🤖 AI Summary
Large language models exhibit significant limitations in multimodal reasoning on Chemistry Olympiad problems—comprising molecular structure diagrams, chemical notation, and textual inference—due to poor cross-modal alignment and visual grounding. Method: We introduce the first dedicated multimodal benchmark for Chemistry Olympiads, built on authentic USNCO exam questions with fine-grained structural annotations, and conduct systematic evaluation of 40 open- and closed-source multimodal large models. We identify a pervasive “multimodal fusion failure” phenomenon—where removing images paradoxically improves accuracy—and propose a Chain-of-Thought (CoT) prompting strategy to enhance visual localization and reasoning consistency, validated via occlusion-based interpretability analysis.
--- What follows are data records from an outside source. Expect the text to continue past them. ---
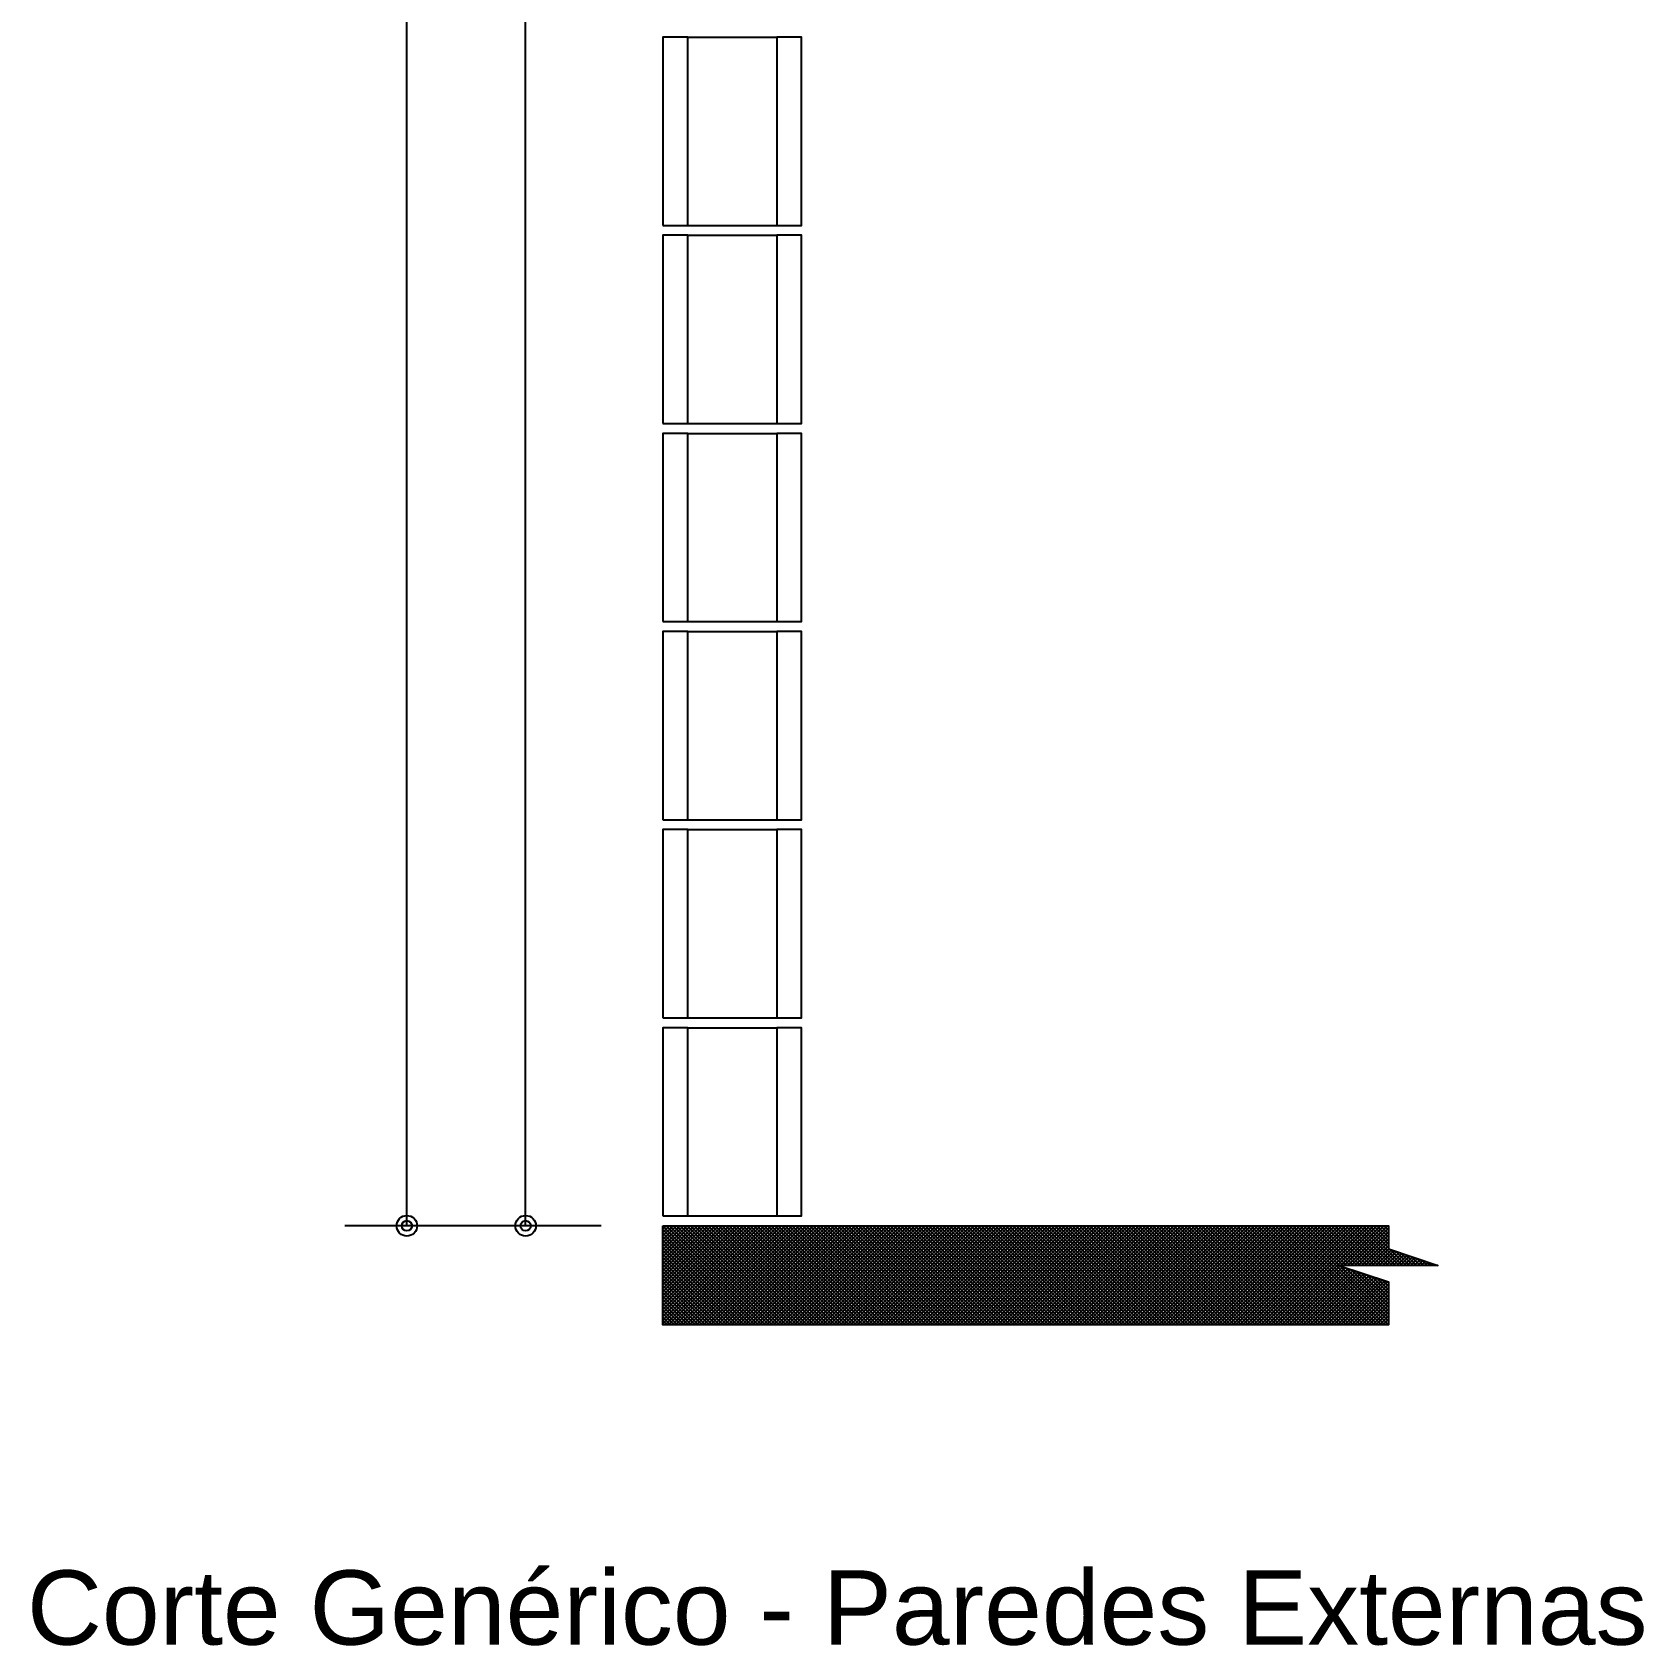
# Model space of a CAD drawing. Extents: x 0 to 119, y 0 to 84.
# Drawn here: x 24.55 to 31.06, y 32.98 to 39.5 of the extents above; entities that cross this region are included whole.
import ezdxf

# ---------------------------------------------------------------- set-up
doc = ezdxf.new("R2010")
doc.units = 0
doc.header["$MEASUREMENT"] = 0
for name, color, linetype in [('10', 252, 'CONTINUOUS'), ('24', 7, 'CONTINUOUS'), ('29', 9, 'CONTINUOUS'), ('32', 250, 'CONTINUOUS'), ('6', 178, 'CONTINUOUS')]:
    doc.layers.add(name, color=color, linetype=linetype)
doc.styles.add('TQS_ARIAL', font='arial.ttf')

msp = doc.modelspace()

# ---------------------------------------------------------------- linework, layer by layer
at = {"layer": '10', "color": 252, "linetype": 'Continuous'}
for p, q in [((27.19755, 39.476365), (27.55755, 39.476365)), ((27.19755, 38.716365), (27.55755, 38.716365)), ((27.19755, 38.676365), (27.55755, 38.676365)), ((27.19755, 37.916365), (27.55755, 37.916365)), ((27.19755, 37.876365), (27.55755, 37.876365)), ((27.19755, 37.116365), (27.55755, 37.116365)), ((27.19755, 37.076365), (27.55755, 37.076365)), ((27.19755, 36.316365), (27.55755, 36.316365)), ((27.19755, 36.276365), (27.55755, 36.276365)), ((27.19755, 35.516365), (27.55755, 35.516365)), ((27.19755, 35.476365), (27.55755, 35.476365)), ((27.19755, 34.716365), (27.55755, 34.716365))]:
    msp.add_line(p, q, dxfattribs=at)
for points in [[(27.09755, 38.716365), (27.19755, 38.716365), (27.19755, 39.476365), (27.09755, 39.476365), (27.09755, 38.716365)], [(27.55755, 38.716365), (27.65755, 38.716365), (27.65755, 39.476365), (27.55755, 39.476365), (27.55755, 38.716365)], [(27.09755, 37.916365), (27.19755, 37.916365), (27.19755, 38.676365), (27.09755, 38.676365), (27.09755, 37.916365)], [(27.55755, 37.916365), (27.65755, 37.916365), (27.65755, 38.676365), (27.55755, 38.676365), (27.55755, 37.916365)], [(27.09755, 37.116365), (27.19755, 37.116365), (27.19755, 37.876365), (27.09755, 37.876365), (27.09755, 37.116365)], [(27.55755, 37.116365), (27.65755, 37.116365), (27.65755, 37.876365), (27.55755, 37.876365), (27.55755, 37.116365)], [(27.09755, 36.316365), (27.19755, 36.316365), (27.19755, 37.076365), (27.09755, 37.076365), (27.09755, 36.316365)], [(27.55755, 36.316365), (27.65755, 36.316365), (27.65755, 37.076365), (27.55755, 37.076365), (27.55755, 36.316365)], [(27.09755, 35.516365), (27.19755, 35.516365), (27.19755, 36.276365), (27.09755, 36.276365), (27.09755, 35.516365)], [(27.55755, 35.516365), (27.65755, 35.516365), (27.65755, 36.276365), (27.55755, 36.276365), (27.55755, 35.516365)], [(27.09755, 34.716365), (27.19755, 34.716365), (27.19755, 35.476365), (27.09755, 35.476365), (27.09755, 34.716365)], [(27.55755, 34.716365), (27.65755, 34.716365), (27.65755, 35.476365), (27.55755, 35.476365), (27.55755, 34.716365)]]:
    msp.add_lwpolyline(points, dxfattribs=at)
at = {"layer": '29', "color": 9, "linetype": 'Continuous'}
for p, q in [((27.09755, 34.281755), (27.492161, 34.676365)), ((27.09755, 34.295897), (27.478018, 34.676365)), ((27.09755, 34.310039), (27.463876, 34.676365)), ((27.09755, 34.324181), (27.449734, 34.676365)), ((27.09755, 34.338324), (27.435592, 34.676365)), ((27.09755, 34.352466), (27.42145, 34.676365)), ((27.09755, 34.366608), (27.407308, 34.676365)), ((27.09755, 34.38075), (27.393166, 34.676365)), ((27.09755, 34.394892), (27.379023, 34.676365)), ((27.09755, 34.409034), (27.364881, 34.676365)), ((27.09755, 34.423176), (27.350739, 34.676365)), ((27.09755, 34.437318), (27.336597, 34.676365)), ((27.09755, 34.451461), (27.322455, 34.676365)), ((27.09755, 34.465603), (27.308313, 34.676365)), ((27.09755, 34.479745), (27.294171, 34.676365)), ((27.09755, 34.493887), (27.280029, 34.676365)), ((27.09755, 34.508029), (27.265886, 34.676365)), ((27.09755, 34.522171), (27.251744, 34.676365)), ((27.09755, 34.536313), (27.237602, 34.676365)), ((27.09755, 34.550456), (27.22346, 34.676365)), ((27.09755, 34.564598), (27.209318, 34.676365)), ((27.09755, 34.57874), (27.195176, 34.676365)), ((27.09755, 34.592882), (27.181034, 34.676365)), ((27.09755, 34.607024), (27.166891, 34.676365)), ((27.09755, 34.621166), (27.152749, 34.676365)), ((27.09755, 34.635308), (27.138607, 34.676365)), ((27.09755, 34.649451), (27.124465, 34.676365)), ((27.09755, 34.663593), (27.110323, 34.676365)), ((27.09755, 34.675298), (27.496483, 34.276365)), ((27.106303, 34.276365), (27.506303, 34.676365)), ((27.110625, 34.676365), (27.510625, 34.276365)), ((27.120445, 34.276365), (27.520445, 34.676365)), ((27.124767, 34.676365), (27.524767, 34.276365)), ((27.134587, 34.276365), (27.534587, 34.676365)), ((27.138909, 34.676365), (27.538909, 34.276365)), ((27.148729, 34.276365), (27.548729, 34.676365)), ((27.153051, 34.676365), (27.553051, 34.276365)), ((27.162871, 34.276365), (27.562871, 34.676365)), ((27.167194, 34.676365), (27.567194, 34.276365)), ((27.177013, 34.276365), (27.577013, 34.676365)), ((27.181336, 34.676365), (27.581336, 34.276365)), ((27.191156, 34.276365), (27.591156, 34.676365)), ((27.195478, 34.676365), (27.595478, 34.276365)), ((27.205298, 34.276365), (27.605298, 34.676365)), ((27.20962, 34.676365), (27.60962, 34.276365)), ((27.21944, 34.276365), (27.61944, 34.676365)), ((27.223762, 34.676365), (27.623762, 34.276365)), ((27.233582, 34.276365), (27.633582, 34.676365)), ((27.237904, 34.676365), (27.637904, 34.276365)), ((27.247724, 34.276365), (27.647724, 34.676365)), ((27.252046, 34.676365), (27.652046, 34.276365)), ((27.261866, 34.276365), (27.661866, 34.676365)), ((27.266189, 34.676365), (27.666189, 34.276365)), ((27.276008, 34.276365), (27.676008, 34.676365)), ((27.280331, 34.676365), (27.680331, 34.276365)), ((27.29015, 34.276365), (27.69015, 34.676365)), ((27.294473, 34.676365), (27.694473, 34.276365)), ((27.304293, 34.276365), (27.704293, 34.676365)), ((27.308615, 34.676365), (27.708615, 34.276365)), ((27.318435, 34.276365), (27.718435, 34.676365)), ((27.322757, 34.676365), (27.722757, 34.276365)), ((27.332577, 34.276365), (27.732577, 34.676365)), ((27.336899, 34.676365), (27.736899, 34.276365)), ((27.346719, 34.276365), (27.746719, 34.676365)), ((27.351041, 34.676365), (27.751041, 34.276365)), ((27.360861, 34.276365), (27.760861, 34.676365)), ((27.365184, 34.676365), (27.765184, 34.276365)), ((27.375003, 34.276365), (27.775003, 34.676365)), ((27.379326, 34.676365), (27.779326, 34.276365)), ((27.389145, 34.276365), (27.789145, 34.676365)), ((27.393468, 34.676365), (27.793468, 34.276365)), ((27.403288, 34.276365), (27.803288, 34.676365)), ((27.40761, 34.676365), (27.80761, 34.276365)), ((27.41743, 34.276365), (27.81743, 34.676365)), ((27.421752, 34.676365), (27.821752, 34.276365)), ((27.431572, 34.276365), (27.831572, 34.676365)), ((27.435894, 34.676365), (27.835894, 34.276365)), ((27.445714, 34.276365), (27.845714, 34.676365)), ((27.450036, 34.676365), (27.850036, 34.276365)), ((27.459856, 34.276365), (27.859856, 34.676365)), ((27.464178, 34.676365), (27.864178, 34.276365)), ((27.473998, 34.276365), (27.873998, 34.676365)), ((27.478321, 34.676365), (27.878321, 34.276365)), ((27.48814, 34.276365), (27.88814, 34.676365)), ((27.492463, 34.676365), (27.892463, 34.276365)), ((27.502283, 34.276365), (27.902283, 34.676365)), ((27.506605, 34.676365), (27.906605, 34.276365)), ((27.516425, 34.276365), (27.916425, 34.676365)), ((27.520747, 34.676365), (27.920747, 34.276365)), ((27.530567, 34.276365), (27.930567, 34.676365)), ((27.534889, 34.676365), (27.934889, 34.276365)), ((27.544709, 34.276365), (27.944709, 34.676365)), ((27.549031, 34.676365), (27.949031, 34.276365)), ((27.558851, 34.276365), (27.958851, 34.676365)), ((27.563173, 34.676365), (27.963173, 34.276365)), ((27.572993, 34.276365), (27.972993, 34.676365)), ((27.577316, 34.676365), (27.977316, 34.276365)), ((27.587135, 34.276365), (27.987135, 34.676365)), ((27.591458, 34.676365), (27.991458, 34.276365)), ((27.601277, 34.276365), (28.001277, 34.676365)), ((27.6056, 34.676365), (28.0056, 34.276365)), ((27.61542, 34.276365), (28.01542, 34.676365)), ((27.619742, 34.676365), (28.019742, 34.276365)), ((27.629562, 34.276365), (28.029562, 34.676365)), ((27.633884, 34.676365), (28.033884, 34.276365)), ((27.643704, 34.276365), (28.043704, 34.676365)), ((27.648026, 34.676365), (28.048026, 34.276365)), ((27.657846, 34.276365), (28.057846, 34.676365)), ((27.662168, 34.676365), (28.062168, 34.276365)), ((27.671988, 34.276365), (28.071988, 34.676365)), ((27.67631, 34.676365), (28.07631, 34.276365)), ((27.68613, 34.276365), (28.08613, 34.676365)), ((27.690453, 34.676365), (28.090453, 34.276365)), ((27.700272, 34.276365), (28.100272, 34.676365)), ((27.704595, 34.676365), (28.104595, 34.276365)), ((27.714415, 34.276365), (28.114415, 34.676365)), ((27.718737, 34.676365), (28.118737, 34.276365)), ((27.728557, 34.276365), (28.128557, 34.676365)), ((27.732879, 34.676365), (28.132879, 34.276365)), ((27.742699, 34.276365), (28.142699, 34.676365)), ((27.747021, 34.676365), (28.147021, 34.276365)), ((27.756841, 34.276365), (28.156841, 34.676365)), ((27.761163, 34.676365), (28.161163, 34.276365)), ((27.770983, 34.276365), (28.170983, 34.676365)), ((27.775305, 34.676365), (28.175305, 34.276365)), ((27.785125, 34.276365), (28.185125, 34.676365)), ((27.789448, 34.676365), (28.189448, 34.276365)), ((27.799267, 34.276365), (28.199267, 34.676365)), ((27.80359, 34.676365), (28.20359, 34.276365)), ((27.813409, 34.276365), (28.213409, 34.676365)), ((27.817732, 34.676365), (28.217732, 34.276365)), ((27.827552, 34.276365), (28.227552, 34.676365)), ((27.831874, 34.676365), (28.231874, 34.276365)), ((27.841694, 34.276365), (28.241694, 34.676365)), ((27.846016, 34.676365), (28.246016, 34.276365)), ((27.855836, 34.276365), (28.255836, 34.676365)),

Contribution/Results: Experiments reveal that state-of-the-art models (e.g., GPT-5, Gemini 2.5 Pro) achieve sub-50% average accuracy; CoT prompting boosts accuracy by 12.3%. This work establishes a new scientific multimodal reasoning benchmark, uncovers a novel failure mode, and provides a transferable optimization framework for domain-specific multimodal understanding.
📝 Abstract
Multimodal scientific reasoning remains a significant challenge for large language models (LLMs), particularly in chemistry, where problem-solving relies on symbolic diagrams, molecular structures, and structured visual data. Here, we systematically evaluate 40 proprietary and open-source multimodal LLMs, including GPT-5, o3, Gemini-2.5-Pro, and Qwen2.5-VL, on a curated benchmark of Olympiad-style chemistry questions drawn from over two decades of U.S. National Chemistry Olympiad (USNCO) exams. These questions require integrated visual and textual reasoning across diverse modalities. We find that many models struggle with modality fusion, where in some cases, removing the image even improves accuracy, indicating misalignment in vision-language integration. Chain-of-Thought prompting consistently enhances both accuracy and visual grounding, as demonstrated through ablation studies and occlusion-based interpretability. Our results reveal critical limitations in the scientific reasoning abilities of current MLLMs, providing actionable strategies for developing more robust and interpretable multimodal systems in chemistry. This work provides a timely benchmark for measuring progress in domain-specific multimodal AI and underscores the need for further advances at the intersection of artificial intelligence and scientific reasoning.